Let us say Lie Dharma Putra Inc’s closing entries at the end of January appear.

Viewed in isolation, closing entries do not make a great deal of sense. However, keep in mind their purpose: to transfer balances from revenue and expense accounts to retained earnings.

The balance now in retained earnings is that which would have been there if all the revenue and expense transactions were initially recorded in that account. Note that after posting the closing entries, the balance in each revenue and expense account is zero. This is why they are called temporary (or nominal) accounts.

Moreover, since the balances are zero, next month they will only reflect the revenue and expense amounts for February and not a cumulative amount beginning with January. This will enable the easy preparation of an income statement for the month of February.



Lie Dharma Putra Inc. engaged in one more transaction in January. It declared and paid a $100 dividend to the shareholders.

The analyses are as follows:

Transaction#15. Paid dividend of $100.

Analysis: Cash decreases; retained earnings decreases.

Debits and credits: Debit retained earnings; credit cash.

Journal entry: January 31

[Debit]. Retained earnings = $100

[Credit]. Cash = $100 [To record dividend]

The posting of this entry is also reflected in the general ledger accounts.

At this point, all transactions have been journalized and posted, and the revenue and expense accounts have been closed to retained earnings. A balance sheet based on the account balances can be prepared.

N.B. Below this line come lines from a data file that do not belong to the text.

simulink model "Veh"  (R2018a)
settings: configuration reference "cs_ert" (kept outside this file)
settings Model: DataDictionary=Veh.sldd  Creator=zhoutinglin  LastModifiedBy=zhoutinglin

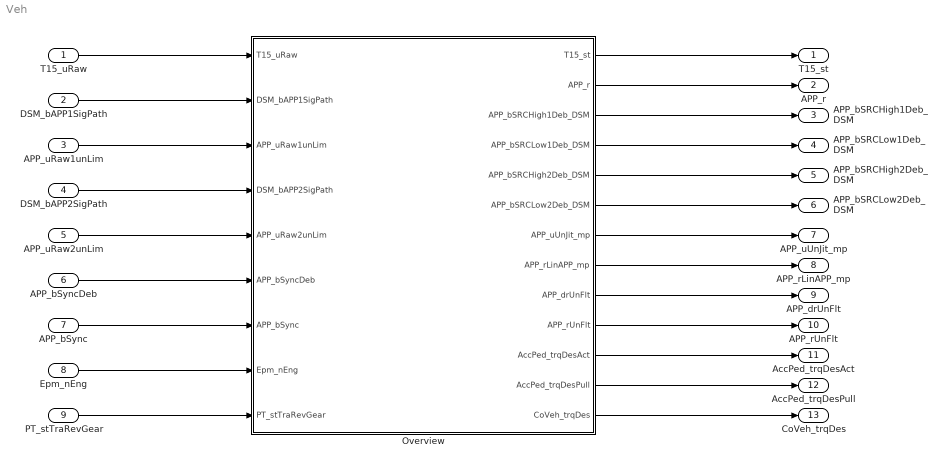
== system Veh ==
  T15_uRaw : Inport
  DSM_bAPP1SigPath : Inport  Port=2
  APP_uRaw1unLim : Inport  Port=3
  DSM_bAPP2SigPath : Inport  Port=4
  APP_uRaw2unLim : Inport  Port=5
  APP_bSyncDeb : Inport  Port=6
  APP_bSync : Inport  Port=7
  Epm_nEng : Inport  Port=8
  PT_stTraRevGear : Inport  Port=9
  Overview : Subsystem
  T15_st : Outport
  APP_r : Outport  Port=2
  APP_bSRCHigh1Deb_DSM : Outport  Port=3
  APP_bSRCLow1Deb_DSM : Outport  Port=4
  APP_bSRCHigh2Deb_DSM : Outport  Port=5
  APP_bSRCLow2Deb_DSM : Outport  Port=6
  APP_uUnJit_mp : Outport  Port=7
  APP_rLinAPP_mp : Outport  Port=8
  APP_drUnFlt : Outport  Port=9
  APP_rUnFlt : Outport  Port=10
  AccPed_trqDesAct : Outport  Port=11
  AccPed_trqDesPull : Outport  Port=12
  CoVeh_trqDes : Outport  Port=13
  wires:
  T15_uRaw/1 -> Overview/1(T15_uRaw)
  DSM_bAPP1SigPath/1 -> Overview/2(DSM_bAPP1SigPath)
  APP_uRaw1unLim/1 -> Overview/3(APP_uRaw1unLim)
  DSM_bAPP2SigPath/1 -> Overview/4(DSM_bAPP2SigPath)
  APP_uRaw2unLim/1 -> Overview/5(APP_uRaw2unLim)
  APP_bSyncDeb/1 -> Overview/6(APP_bSyncDeb)
  APP_bSync/1 -> Overview/7(APP_bSync)
  Epm_nEng/1 -> Overview/8(Epm_nEng)
  PT_stTraRevGear/1 -> Overview/9(PT_stTraRevGear)
  Overview/1(T15_st) -> T15_st/1
  Overview/2(APP_r) -> APP_r/1
  Overview/3(APP_bSRCHigh1Deb_DSM) -> APP_bSRCHigh1Deb_DSM/1
  Overview/4(APP_bSRCLow1Deb_DSM) -> APP_bSRCLow1Deb_DSM/1
  Overview/5(APP_bSRCHigh2Deb_DSM) -> APP_bSRCHigh2Deb_DSM/1
  Overview/6(APP_bSRCLow2Deb_DSM) -> APP_bSRCLow2Deb_DSM/1
  Overview/7(APP_uUnJit_mp) -> APP_uUnJit_mp/1
  Overview/8(APP_rLinAPP_mp) -> APP_rLinAPP_mp/1
  Overview/9(APP_drUnFlt) -> APP_drUnFlt/1
  Overview/10(APP_rUnFlt) -> APP_rUnFlt/1
  Overview/11(AccPed_trqDesAct) -> AccPed_trqDesAct/1
  Overview/12(AccPed_trqDesPull) -> AccPed_trqDesPull/1
  Overview/13(CoVeh_trqDes) -> CoVeh_trqDes/1

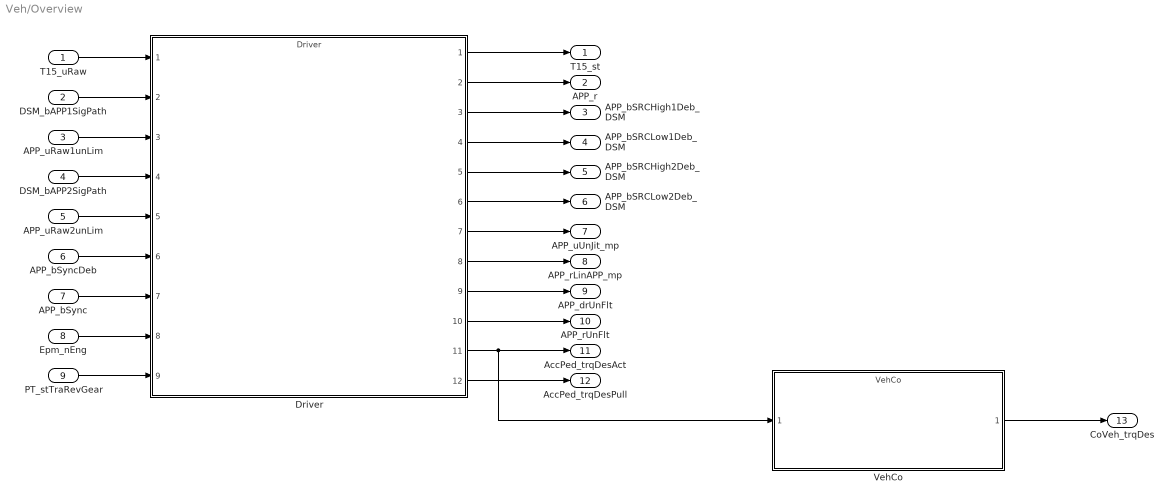
== system Veh/Overview ==
  T15_uRaw : Inport
  DSM_bAPP1SigPath : Inport  Port=2
  APP_uRaw1unLim : Inport  Port=3
  DSM_bAPP2SigPath : Inport  Port=4
  APP_uRaw2unLim : Inport  Port=5
  APP_bSyncDeb : Inport  Port=6
  APP_bSync : Inport  Port=7
  Epm_nEng : Inport  Port=8
  PT_stTraRevGear : Inport  Port=9
  Driver : ModelReference  ModelNameDialog=Driver  SimulationMode=Normal  ModelReferenceVersion=1.3
  VehCo : ModelReference  ModelNameDialog=VehCo  SimulationMode=Normal  ModelReferenceVersion=1.3
  T15_st : Outport
  APP_r : Outport  Port=2
  APP_bSRCHigh1Deb_DSM : Outport  Port=3
  APP_bSRCLow1Deb_DSM : Outport  Port=4
  APP_bSRCHigh2Deb_DSM : Outport  Port=5
  APP_bSRCLow2Deb_DSM : Outport  Port=6
  APP_uUnJit_mp : Outport  Port=7
  APP_rLinAPP_mp : Outport  Port=8
  APP_drUnFlt : Outport  Port=9
  APP_rUnFlt : Outport  Port=10
  AccPed_trqDesAct : Outport  Port=11
  AccPed_trqDesPull : Outport  Port=12
  CoVeh_trqDes : Outport  Port=13
  wires:
  Driver/11 -> VehCo/1, AccPed_trqDesAct/1
  T15_uRaw/1 -> Driver/1
  DSM_bAPP1SigPath/1 -> Driver/2
  APP_uRaw1unLim/1 -> Driver/3
  DSM_bAPP2SigPath/1 -> Driver/4
  APP_uRaw2unLim/1 -> Driver/5
  APP_bSyncDeb/1 -> Driver/6
  APP_bSync/1 -> Driver/7
  Epm_nEng/1 -> Driver/8
  PT_stTraRevGear/1 -> Driver/9
  Driver/1 -> T15_st/1
  Driver/2 -> APP_r/1
  Driver/3 -> APP_bSRCHigh1Deb_DSM/1
  Driver/4 -> APP_bSRCLow1Deb_DSM/1
  Driver/5 -> APP_bSRCHigh2Deb_DSM/1
  Driver/6 -> APP_bSRCLow2Deb_DSM/1
  Driver/7 -> APP_uUnJit_mp/1
  Driver/8 -> APP_rLinAPP_mp/1
  Driver/9 -> APP_drUnFlt/1
  Driver/10 -> APP_rUnFlt/1
  Driver/12 -> AccPed_trqDesPull/1
  VehCo/1 -> CoVeh_trqDes/1

Preparing general journal entries for each transaction is a laborious, time-consuming process; account titles must be written and often the same amount must be written twice in the same entry. Because of this, accountants have devised streamlined journalizing procedures that make use of special journals. Special journals are constructed to achieve great efficiency in journalizing transactions. Examples of special journals include sales journals, cash receipts journals, and cash payments journals.